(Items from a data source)
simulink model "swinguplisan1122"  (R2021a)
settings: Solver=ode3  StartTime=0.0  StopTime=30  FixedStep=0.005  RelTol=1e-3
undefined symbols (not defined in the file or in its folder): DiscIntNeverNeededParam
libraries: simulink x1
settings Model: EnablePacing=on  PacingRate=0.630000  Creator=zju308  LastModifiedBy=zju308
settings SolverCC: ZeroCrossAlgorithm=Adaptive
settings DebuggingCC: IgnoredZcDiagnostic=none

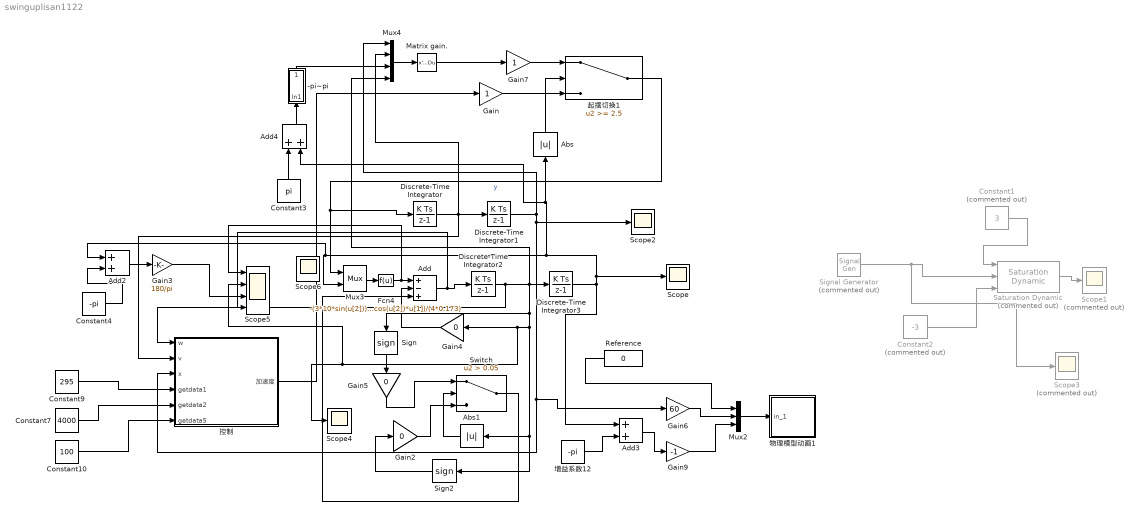
== system swinguplisan1122 ==
  " -pi~pi" : Subsystem  mask(Change){}
      mask help:
      | Change input signal between -pi and pi in 2*pi period.
      | Block input:
      |     any double.
      | Block output:
      |     between -pi and pi.
      | eg:
      |     If input is 1.5*pi, then output is -0.5*pi.
      mask Display: plot([0:0.01:2*pi],sin([0:0.01:2*pi]));
  Abs : Abs
  Abs1 : Abs
  Add : Sum  Inputs=+-+
  Add2 : Sum
  Add3 : Sum
  Add4 : Sum
  Constant1 : Constant  Commented=on  Value=3
  Constant10 : Constant  Value=100
  Constant2 : Constant  Commented=on  Value=-3
  Constant3 : Constant  Value=pi
  Constant4 : Constant  Value=-pi
  Constant7 : Constant  Value=4000
  Constant9 : Constant  Value=295
  Discrete-Time Integrator{,1..3} (4 alike) : DiscreteIntegrator  SampleTime=-1  ICPrevOutput=DiscIntNeverNeededParam  ICPrevScaledInput=DiscIntNeverNeededParam
  Fcn4 : Fcn  Expr=-(3*10*sin(u[2]))/(4*0.173)-(3*cos(u[2])*u[1])/(4*0.173)
  Gain : Gain
  Gain2 : Gain  Gain=0
  Gain3 : Gain  Gain=180/pi
  Gain4 : Gain  Gain=0
  Gain5 : Gain  Gain=0
  Gain6 : Gain  Gain=60
  Gain7 : Gain
  Gain9 : Gain  Gain=-1
  Matrix gain. : StateSpace  A=[]  B=[]  C=[]  D=K  InitialCondition=0  mask(Matrix gain){K=[18 14 -57 -8]}
      mask prompts: K "Gain matrix:"
      mask help: Matrix Gain:
      mask Help: Multiplies input vector by entered matrix to produce output vector.
      mask Display: disp('LQR')
  Mux2 : Mux  Inputs=3
  Mux3 : Mux  Inputs=2
  Mux4 : Mux
  Reference : Constant  Value=0
  Saturation Dynamic : simulink/Discontinuities/Saturation Dynamic  Commented=on  OutMin=[]  OutMax=[]  OutDataTypeStr=Inherit: Same as second input  OutDataType=fixdt(1, 16)  OutScaling=2^-10  DoSatur=off
  Scope{,2,4,6} (4 alike) : Scope
  Scope1 : Scope  Commented=on
  Scope3 : Scope  Commented=on
  Scope5 : Scope  NumInputPorts=4
  Sign : Signum
  Sign2 : Signum
  Signal Generator : SignalGenerator  Commented=on  Amplitude=10  Units=rad/sec
  Switch : Switch  Criteria=u2 > Threshold  Threshold=0.05
  增益系数12 : Constant  Value=-pi
  控制 : Subsystem
  物理模型动画1 : Subsystem  mask(Pendulum plot){RefBlock=Reference}
      mask prompts: RefBlock "DC reference signal block name:"
      mask help: Pendulum plot
      mask Help: Pendulum animation function using Handle graphics.
      mask Display: plot([-10 10],[0 0],[-2 -2 2 2],[0 1 1 0],[0 3],[1 5])
  起摆切换1 : Switch  Threshold=2.5
  wires:
  Gain6/1 -> Mux2/2
  Add3/1 -> Gain9/1
  Mux2/1 -> 物理模型动画1/1(in_1)
  增益系数12/1 -> Add3/2
  Reference/1 -> Mux2/1
  Mux3/1 -> Fcn4/1
  Gain9/1 -> Mux2/3
  Constant7/1 -> 控制/5(getdata2)
  Constant9/1 -> 控制/4(getdata1)
  Constant10/1 -> 控制/6(getdata5)
  Mux4/1 -> Matrix gain./1
  Discrete-Time Integrator/1 -> Discrete-Time Integrator1/1, Mux4/2, 控制/2(v)
  控制/1(加速度) -> Gain/1
  Abs/1 -> 起摆切换1/2
  " -pi~pi"/1(Out1) -> Mux4/3
  Add4/1 -> " -pi~pi"/1(In1)
  Constant3/1 -> Add4/1
  Discrete-Time Integrator1/1 -> Scope2/1, 控制/3(x), Gain6/1, Mux4/1
  Fcn4/1 -> Scope5/1, Add/1
  Add/1 -> Scope5/4, Discrete-Time Integrator2/1
  Discrete-Time Integrator3/1 -> Add2/1, Mux3/2, Add4/2, Abs/1, Scope/1, Add3/1
  起摆切换1/1 -> Discrete-Time Integrator/1, Mux3/1  "y"
  Switch/1 -> Add/3
  Gain4/1 -> Add/2
  Gain/1 -> 起摆切换1/3
  Gain7/1 -> 起摆切换1/1
  Signal Generator/1 -> Scope3/1, Saturation Dynamic/2
  Constant1/1 -> Saturation Dynamic/1
  Constant2/1 -> Saturation Dynamic/3
  Saturation Dynamic/1 -> Scope1/1
  Abs1/1 -> Switch/2
  Discrete-Time Integrator2/1 -> 控制/1(w), Discrete-Time Integrator3/1, Sign2/1, Abs1/1, Scope5/2, Scope4/1, Gain4/1, Sign/1, Mux4/4
  Sign/1 -> Gain5/1
  Gain5/1 -> Switch/1
  Gain2/1 -> Switch/3
  Add2/1 -> Gain3/1
  Constant4/1 -> Add2/2
  Gain3/1 -> Scope5/3
  Sign2/1 -> Gain2/1
  Matrix gain./1 -> Gain7/1

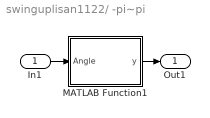
== system swinguplisan1122/ -pi~pi ==
  In1 : Inport
  MATLAB Function1 : MATLAB Function  TreatAsAtomicUnit=on
  Out1 : Outport  VectorParamsAs1DForOutWhenUnconnected=off
  wires:
  MATLAB Function1/1(y) -> Out1/1
  In1/1 -> MATLAB Function1/1(Angle)

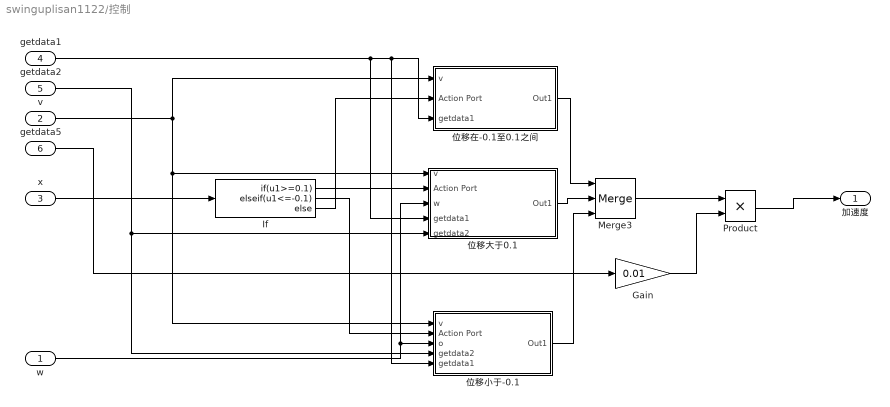
== system swinguplisan1122/控制 ==
  w : Inport
  v : Inport  Port=2
  x : Inport  Port=3
  getdata1 : Inport  Port=4
  getdata2 : Inport  Port=5
  getdata5 : Inport  Port=6
  Gain : Gain  Gain=0.01
  If : If  IfExpression=u1>=0.1  ElseIfExpressions=u1<=-0.1
  Merge3 : Merge  Inputs=3
  Product : Product
  位移在-0.1至0.1之间 : Subsystem
  位移大于0.1 : Subsystem
  位移小于-0.1 : Subsystem
  加速度 : Outport
  wires:
  w/1 -> 位移大于0.1/3(w), 位移小于-0.1/3(o)
  v/1 -> 位移小于-0.1/1(v), 位移大于0.1/1(v), 位移在-0.1至0.1之间/1(v)
  位移大于0.1/1(Out1) -> Merge3/2
  位移在-0.1至0.1之间/1(Out1) -> Merge3/1
  位移小于-0.1/1(Out1) -> Merge3/3
  If/1 -> 位移大于0.1/2(Action Port)
  x/1 -> If/1
  If/3 -> 位移在-0.1至0.1之间/2(Action Port)
  If/2 -> 位移小于-0.1/2(Action Port)
  getdata1/1 -> 位移在-0.1至0.1之间/3(getdata1), 位移小于-0.1/5(getdata1), 位移大于0.1/4(getdata1)
  getdata2/1 -> 位移小于-0.1/4(getdata2), 位移大于0.1/5(getdata2)
  Gain/1 -> Product/2
  getdata5/1 -> Gain/1
  Merge3/1 -> Product/1
  Product/1 -> 加速度/1

== system swinguplisan1122/物理模型动画1 ==
  in_1 : Inport
  S-function : S-Function  FunctionName=UpPendAnim  Parameters=RefBlock  SFunctionDeploymentMode=off  EnableBusSupport=off
      settings: DeleteFcn=pendan([],[],[],'DeleteBlock');
  wires:
  in_1/1 -> S-function/1

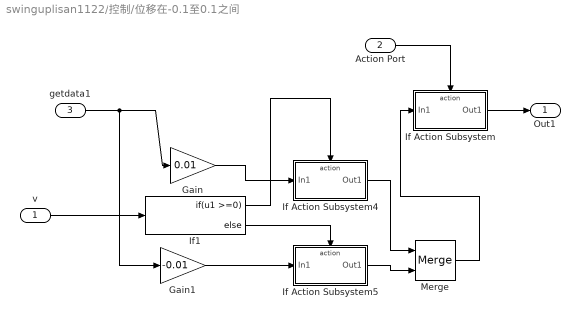
== system swinguplisan1122/控制/位移在-0.1至0.1之间 ==
  v : Inport
  Action Port : Inport  Port=2
  getdata1 : Inport  Port=3
  Gain : Gain  Gain=0.01
  Gain1 : Gain  Gain=-0.01
  If Action Subsystem : Subsystem  TreatAsAtomicUnit=on
  If Action Subsystem4 : Subsystem  TreatAsAtomicUnit=on
  If Action Subsystem5 : Subsystem  TreatAsAtomicUnit=on
  If1 : If  IfExpression=u1 >=0
  Merge : Merge
  Out1 : Outport
  wires:
  If Action Subsystem4/1(Out1) -> Merge/1
  Gain1/1 -> If Action Subsystem5/1(In1)
  If1/2 -> If Action Subsystem5/Action
  If Action Subsystem5/1(Out1) -> Merge/2
  Gain/1 -> If Action Subsystem4/1(In1)
  If1/1 -> If Action Subsystem4/Action
  Action Port/1 -> If Action Subsystem/Action
  Merge/1 -> If Action Subsystem/1(In1)
  v/1 -> If1/1
  If Action Subsystem/1(Out1) -> Out1/1
  getdata1/1 -> Gain1/1, Gain/1

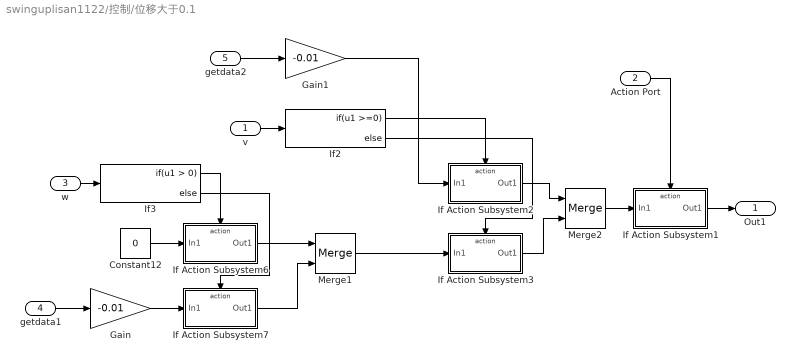
== system swinguplisan1122/控制/位移大于0.1 ==
  v : Inport
  Action Port : Inport  Port=2
  w : Inport  Port=3
  getdata1 : Inport  Port=4
  getdata2 : Inport  Port=5
  Constant12 : Constant  Value=0
  Gain : Gain  Gain=-0.01
  Gain1 : Gain  Gain=-0.01
  If Action Subsystem1 : Subsystem  TreatAsAtomicUnit=on
  If Action Subsystem2 : Subsystem  TreatAsAtomicUnit=on
  If Action Subsystem3 : Subsystem  TreatAsAtomicUnit=on
  If Action Subsystem6 : Subsystem  TreatAsAtomicUnit=on
  If Action Subsystem7 : Subsystem  TreatAsAtomicUnit=on
  If2 : If  IfExpression=u1 >=0
  If3 : If
  Merge1 : Merge
  Merge2 : Merge
  Out1 : Outport
  wires:
  If Action Subsystem1/1(Out1) -> Out1/1
  Gain1/1 -> If Action Subsystem2/1(In1)
  Merge2/1 -> If Action Subsystem1/1(In1)
  If Action Subsystem6/1(Out1) -> Merge1/1
  If2/1 -> If Action Subsystem2/Action
  If Action Subsystem3/1(Out1) -> Merge2/2
  If3/1 -> If Action Subsystem6/Action
  Action Port/1 -> If Action Subsystem1/Action
  Constant12/1 -> If Action Subsystem6/1(In1)
  Merge1/1 -> If Action Subsystem3/1(In1)
  If Action Subsystem7/1(Out1) -> Merge1/2
  If Action Subsystem2/1(Out1) -> Merge2/1
  Gain/1 -> If Action Subsystem7/1(In1)
  If2/2 -> If Action Subsystem3/Action
  If3/2 -> If Action Subsystem7/Action
  v/1 -> If2/1
  w/1 -> If3/1
  getdata1/1 -> Gain/1
  getdata2/1 -> Gain1/1

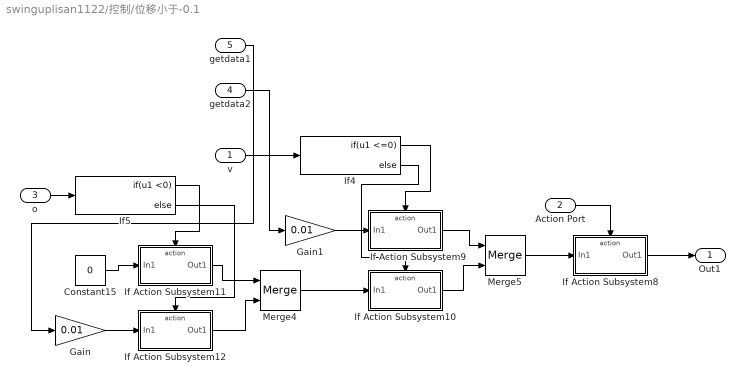
== system swinguplisan1122/控制/位移小于-0.1 ==
  v : Inport
  Action Port : Inport  Port=2
  o : Inport  Port=3
  getdata2 : Inport  Port=4
  getdata1 : Inport  Port=5
  Constant15 : Constant  Value=0
  Gain : Gain  Gain=0.01
  Gain1 : Gain  Gain=0.01
  If Action Subsystem10 : Subsystem  TreatAsAtomicUnit=on
  If Action Subsystem11 : Subsystem  TreatAsAtomicUnit=on
  If Action Subsystem12 : Subsystem  TreatAsAtomicUnit=on
  If Action Subsystem8 : Subsystem  TreatAsAtomicUnit=on
  If Action Subsystem9 : Subsystem  TreatAsAtomicUnit=on
  If4 : If  IfExpression=u1 <=0
  If5 : If  IfExpression=u1 <0
  Merge4 : Merge
  Merge5 : Merge
  Out1 : Outport
  wires:
  Gain/1 -> If Action Subsystem12/1(In1)
  Merge5/1 -> If Action Subsystem8/1(In1)
  Constant15/1 -> If Action Subsystem11/1(In1)
  If Action Subsystem9/1(Out1) -> Merge5/1
  If4/2 -> If Action Subsystem10/Action
  If5/1 -> If Action Subsystem11/Action
  If5/2 -> If Action Subsystem12/Action
  If Action Subsystem8/1(Out1) -> Out1/1
  If Action Subsystem12/1(Out1) -> Merge4/2
  If Action Subsystem11/1(Out1) -> Merge4/1
  Merge4/1 -> If Action Subsystem10/1(In1)
  If4/1 -> If Action Subsystem9/Action
  v/1 -> If4/1
  If Action Subsystem10/1(Out1) -> Merge5/2
  Gain1/1 -> If Action Subsystem9/1(In1)
  Action Port/1 -> If Action Subsystem8/Action
  o/1 -> If5/1
  getdata1/1 -> Gain/1
  getdata2/1 -> Gain1/1

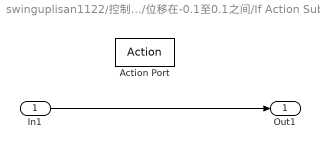
== system swinguplisan1122/控制/位移在-0.1至0.1之间/If Action Subsystem ==
  In1 : Inport
  Action Port : ActionPort  ActionPortLabel=else
  Out1 : Outport
  wires:
  In1/1 -> Out1/1

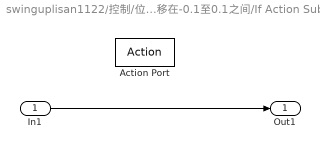
== system swinguplisan1122/控制/位移在-0.1至0.1之间/If Action Subsystem4 ==
  In1 : Inport
  Action Port : ActionPort  ActionPortLabel=if(u1 >=0)
  Out1 : Outport
  wires:
  In1/1 -> Out1/1

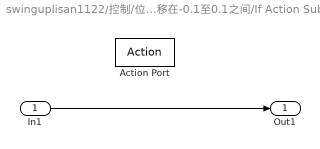
== system swinguplisan1122/控制/位移在-0.1至0.1之间/If Action Subsystem5 ==
  In1 : Inport
  Action Port : ActionPort  ActionPortLabel=else
  Out1 : Outport
  wires:
  In1/1 -> Out1/1

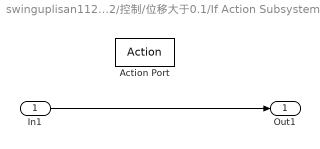
== system swinguplisan1122/控制/位移大于0.1/If Action Subsystem1 ==
  In1 : Inport
  Action Port : ActionPort  ActionPortLabel=if(u1>=0.1)
  Out1 : Outport
  wires:
  In1/1 -> Out1/1

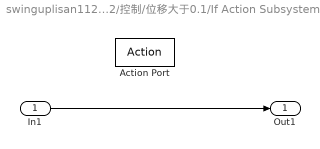
== system swinguplisan1122/控制/位移大于0.1/If Action Subsystem2 ==
  In1 : Inport
  Action Port : ActionPort  ActionPortLabel=if(u1 >=0)
  Out1 : Outport
  wires:
  In1/1 -> Out1/1

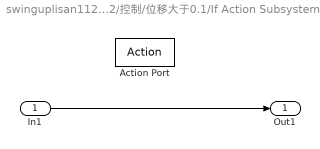
== system swinguplisan1122/控制/位移大于0.1/If Action Subsystem3 ==
  In1 : Inport
  Action Port : ActionPort  ActionPortLabel=else
  Out1 : Outport
  wires:
  In1/1 -> Out1/1

== system swinguplisan1122/控制/位移大于0.1/If Action Subsystem6 ==
  In1 : Inport
  Action Port : ActionPort  ActionPortLabel=if(u1 > 0)
  Out1 : Outport
  wires:
  In1/1 -> Out1/1

== system swinguplisan1122/控制/位移大于0.1/If Action Subsystem7 ==
  In1 : Inport
  Action Port : ActionPort  ActionPortLabel=else
  Out1 : Outport
  wires:
  In1/1 -> Out1/1

== system swinguplisan1122/控制/位移小于-0.1/If Action Subsystem10 ==
  In1 : Inport
  Action Port : ActionPort  ActionPortLabel=else
  Out1 : Outport
  wires:
  In1/1 -> Out1/1

== system swinguplisan1122/控制/位移小于-0.1/If Action Subsystem11 ==
  In1 : Inport
  Action Port : ActionPort  ActionPortLabel=if(u1 <0)
  Out1 : Outport
  wires:
  In1/1 -> Out1/1

== system swinguplisan1122/控制/位移小于-0.1/If Action Subsystem12 ==
  In1 : Inport
  Action Port : ActionPort  ActionPortLabel=else
  Out1 : Outport
  wires:
  In1/1 -> Out1/1

== system swinguplisan1122/控制/位移小于-0.1/If Action Subsystem8 ==
  In1 : Inport
  Action Port : ActionPort  ActionPortLabel=elseif(u1<=-0.1)
  Out1 : Outport
  wires:
  In1/1 -> Out1/1

== system swinguplisan1122/控制/位移小于-0.1/If Action Subsystem9 ==
  In1 : Inport
  Action Port : ActionPort  ActionPortLabel=if(u1 <=0)
  Out1 : Outport
  wires:
  In1/1 -> Out1/1

== matlab function swinguplisan1122/ -pi~pi/MATLAB Function1 ==
  data: Angle input; y output
function y = Change(Angle)
%#codegen
    y=0;
    while ( Angle > pi) 
        Angle = Angle-2 * pi;
    end
    while (Angle <= -pi) 
        Angle = Angle+2 * pi;
    end 
    y=Angle+y;
end

**What this task involves:** Your response should be the lines above from the first to the one containing "libraries: simulink x1", inclusive, each given exactly.

**Answer for the task:**
simulink model "swinguplisan1122"  (R2021a)
settings: Solver=ode3  StartTime=0.0  StopTime=30  FixedStep=0.005  RelTol=1e-3
undefined symbols (not defined in the file or in its folder): DiscIntNeverNeededParam
libraries: simulink x1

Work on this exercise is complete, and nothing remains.